▶ **TASK STATEMENT**:
The expected result is an exact restatement of the data, free of pictures.
....................
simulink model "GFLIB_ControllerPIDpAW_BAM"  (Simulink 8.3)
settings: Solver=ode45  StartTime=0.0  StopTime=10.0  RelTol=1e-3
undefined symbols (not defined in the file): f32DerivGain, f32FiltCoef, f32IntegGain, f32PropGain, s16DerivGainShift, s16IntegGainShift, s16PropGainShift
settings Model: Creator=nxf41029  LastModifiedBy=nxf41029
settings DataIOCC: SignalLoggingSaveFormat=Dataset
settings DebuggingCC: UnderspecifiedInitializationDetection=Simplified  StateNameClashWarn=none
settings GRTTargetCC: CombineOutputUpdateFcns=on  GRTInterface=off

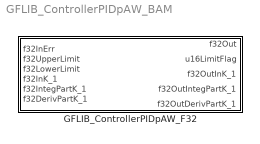
== system GFLIB_ControllerPIDpAW_BAM ==
  GFLIB_ControllerPIDpAW_F32 : Subsystem  mask(GFLIB_ControllerPIDpAW_F32){f32PropGain=f32PropGain, s16PropGainShift=s16PropGainShift, f32IntegGain=f32IntegGain, s16IntegGainShift=s16IntegGainShift, f32DerivGain=f32DerivGain, s16DerivGainShift=s16DerivGainShift, f32FiltCoef=f32FiltCoef}
      mask help: Bit accurate model of parallel form PID controller. All parameters as well as input and output are 32-bit integers except for s16xxxGainShift parameters which are 16-bit signed integers.
      mask init:
      | pos = get_param(gcb, 'Position');width = pos(3) - pos(1); height = pos(4) - pos(2);tX=width/2;tY=height*0.9;
      mask Display: color('black');port_label('input',1,'f32InErr');port_label('input',2,'f32UpperLimit');port_label('input',3,'f32LowerLimit');port_label('input',4,'f32InK_1');port_label('input',5,'f32IntegPartK_1');port_label('input',6,'f32DerivPartK_1');port_label('output',1,'f32Out');port_label('output',2,'u16LimitFlag');port_label('output',3,'f32OutInK_1');port_label('output',4,'f32OutIntegPartK_1');port_label('output',5,'f32OutDerivPartK_1');color('black');disp('GFLIB_ControllerPIDpAW_F32');color('blue');text(tX,tY, 'BAM', 'horizontalAlignment', 'center');

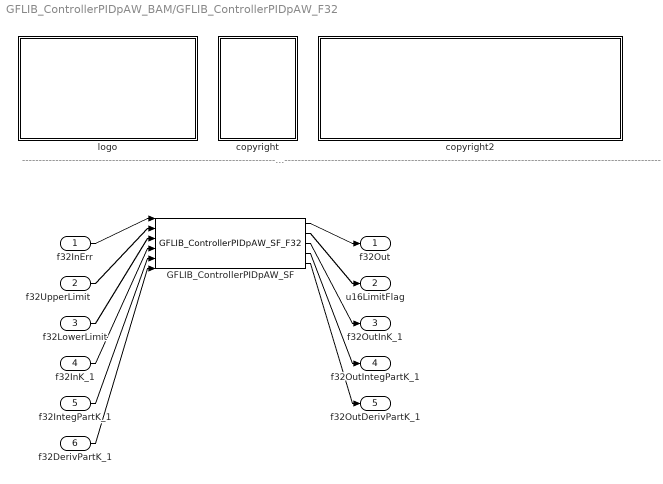
== system GFLIB_ControllerPIDpAW_BAM/GFLIB_ControllerPIDpAW_F32 ==
  note: ---------------------------------------------------------------------------------------------------------------------------------------------------------------------------------------------------
  f32InErr : Inport
  f32UpperLimit : Inport  Port=2
  f32LowerLimit : Inport  Port=3
  f32InK_1 : Inport  Port=4
  f32IntegPartK_1 : Inport  Port=5
  f32DerivPartK_1 : Inport  Port=6
  GFLIB_ControllerPIDpAW_SF : S-Function  FunctionName=GFLIB_ControllerPIDpAW_SF_F32  Parameters=f32PropGain,s16PropGainShift,f32IntegGain,s16IntegGainShift,f32DerivGain,s16DerivGainShift,f32FiltCoef  EnableBusSupport=off
  copyright : Subsystem
      mask Display: text(10,90,'FILE:');text(10,75,'DESRIPTION:');text(10,60,'COPYRIGHT:');text(10,45,'VERSION:');text(10,30,'DATE:')
  copyright2 : Subsystem
      mask Display: text(10,90,'GFLIB_ControllerPIDpAW_BAM_F32.mdl');text(10,75,'Parallel form of a standard PID controller with implemented anti-windup.');text(10,60,'NXP');text(10,45,'0.1');text(10,30,'21-Nov-2018');
  logo : Subsystem
      mask Display: image(imread('logo.jpg'))
  f32Out : Outport
  u16LimitFlag : Outport  Port=2
  f32OutInK_1 : Outport  Port=3
  f32OutIntegPartK_1 : Outport  Port=4
  f32OutDerivPartK_1 : Outport  Port=5
  wires:
  f32InErr/1 -> GFLIB_ControllerPIDpAW_SF/1
  f32UpperLimit/1 -> GFLIB_ControllerPIDpAW_SF/2
  f32LowerLimit/1 -> GFLIB_ControllerPIDpAW_SF/3
  f32InK_1/1 -> GFLIB_ControllerPIDpAW_SF/4
  f32IntegPartK_1/1 -> GFLIB_ControllerPIDpAW_SF/5
  f32DerivPartK_1/1 -> GFLIB_ControllerPIDpAW_SF/6
  GFLIB_ControllerPIDpAW_SF/1 -> f32Out/1
  GFLIB_ControllerPIDpAW_SF/2 -> u16LimitFlag/1
  GFLIB_ControllerPIDpAW_SF/3 -> f32OutInK_1/1
  GFLIB_ControllerPIDpAW_SF/4 -> f32OutIntegPartK_1/1
  GFLIB_ControllerPIDpAW_SF/5 -> f32OutDerivPartK_1/1

== system GFLIB_ControllerPIDpAW_BAM/GFLIB_ControllerPIDpAW_F32/copyright ==

== system GFLIB_ControllerPIDpAW_BAM/GFLIB_ControllerPIDpAW_F32/copyright2 ==

== system GFLIB_ControllerPIDpAW_BAM/GFLIB_ControllerPIDpAW_F32/logo ==
....................
▶ **EXPECTED ANSWER**:
simulink model "GFLIB_ControllerPIDpAW_BAM"  (Simulink 8.3)
settings: Solver=ode45  StartTime=0.0  StopTime=10.0  RelTol=1e-3
undefined symbols (not defined in the file): f32DerivGain, f32FiltCoef, f32IntegGain, f32PropGain, s16DerivGainShift, s16IntegGainShift, s16PropGainShift
settings Model: Creator=nxf41029  LastModifiedBy=nxf41029
settings DataIOCC: SignalLoggingSaveFormat=Dataset
settings DebuggingCC: UnderspecifiedInitializationDetection=Simplified  StateNameClashWarn=none
settings GRTTargetCC: CombineOutputUpdateFcns=on  GRTInterface=off

== system GFLIB_ControllerPIDpAW_BAM ==
  GFLIB_ControllerPIDpAW_F32 : Subsystem  mask(GFLIB_ControllerPIDpAW_F32){f32PropGain=f32PropGain, s16PropGainShift=s16PropGainShift, f32IntegGain=f32IntegGain, s16IntegGainShift=s16IntegGainShift, f32DerivGain=f32DerivGain, s16DerivGainShift=s16DerivGainShift, f32FiltCoef=f32FiltCoef}
      mask help: Bit accurate model of parallel form PID controller. All parameters as well as input and output are 32-bit integers except for s16xxxGainShift parameters which are 16-bit signed integers.
      mask init:
      | pos = get_param(gcb, 'Position');width = pos(3) - pos(1); height = pos(4) - pos(2);tX=width/2;tY=height*0.9;
      mask Display: color('black');port_label('input',1,'f32InErr');port_label('input',2,'f32UpperLimit');port_label('input',3,'f32LowerLimit');port_label('input',4,'f32InK_1');port_label('input',5,'f32IntegPartK_1');port_label('input',6,'f32DerivPartK_1');port_label('output',1,'f32Out');port_label('output',2,'u16LimitFlag');port_label('output',3,'f32OutInK_1');port_label('output',4,'f32OutIntegPartK_1');port_label('output',5,'f32OutDerivPartK_1');color('black');disp('GFLIB_ControllerPIDpAW_F32');color('blue');text(tX,tY, 'BAM', 'horizontalAlignment', 'center');

== system GFLIB_ControllerPIDpAW_BAM/GFLIB_ControllerPIDpAW_F32 ==
  note: ---------------------------------------------------------------------------------------------------------------------------------------------------------------------------------------------------
  f32InErr : Inport
  f32UpperLimit : Inport  Port=2
  f32LowerLimit : Inport  Port=3
  f32InK_1 : Inport  Port=4
  f32IntegPartK_1 : Inport  Port=5
  f32DerivPartK_1 : Inport  Port=6
  GFLIB_ControllerPIDpAW_SF : S-Function  FunctionName=GFLIB_ControllerPIDpAW_SF_F32  Parameters=f32PropGain,s16PropGainShift,f32IntegGain,s16IntegGainShift,f32DerivGain,s16DerivGainShift,f32FiltCoef  EnableBusSupport=off
  copyright : Subsystem
      mask Display: text(10,90,'FILE:');text(10,75,'DESRIPTION:');text(10,60,'COPYRIGHT:');text(10,45,'VERSION:');text(10,30,'DATE:')
  copyright2 : Subsystem
      mask Display: text(10,90,'GFLIB_ControllerPIDpAW_BAM_F32.mdl');text(10,75,'Parallel form of a standard PID controller with implemented anti-windup.');text(10,60,'NXP');text(10,45,'0.1');text(10,30,'21-Nov-2018');
  logo : Subsystem
      mask Display: image(imread('logo.jpg'))
  f32Out : Outport
  u16LimitFlag : Outport  Port=2
  f32OutInK_1 : Outport  Port=3
  f32OutIntegPartK_1 : Outport  Port=4
  f32OutDerivPartK_1 : Outport  Port=5
  wires:
  f32InErr/1 -> GFLIB_ControllerPIDpAW_SF/1
  f32UpperLimit/1 -> GFLIB_ControllerPIDpAW_SF/2
  f32LowerLimit/1 -> GFLIB_ControllerPIDpAW_SF/3
  f32InK_1/1 -> GFLIB_ControllerPIDpAW_SF/4
  f32IntegPartK_1/1 -> GFLIB_ControllerPIDpAW_SF/5
  f32DerivPartK_1/1 -> GFLIB_ControllerPIDpAW_SF/6
  GFLIB_ControllerPIDpAW_SF/1 -> f32Out/1
  GFLIB_ControllerPIDpAW_SF/2 -> u16LimitFlag/1
  GFLIB_ControllerPIDpAW_SF/3 -> f32OutInK_1/1
  GFLIB_ControllerPIDpAW_SF/4 -> f32OutIntegPartK_1/1
  GFLIB_ControllerPIDpAW_SF/5 -> f32OutDerivPartK_1/1

== system GFLIB_ControllerPIDpAW_BAM/GFLIB_ControllerPIDpAW_F32/copyright ==

== system GFLIB_ControllerPIDpAW_BAM/GFLIB_ControllerPIDpAW_F32/copyright2 ==

== system GFLIB_ControllerPIDpAW_BAM/GFLIB_ControllerPIDpAW_F32/logo ==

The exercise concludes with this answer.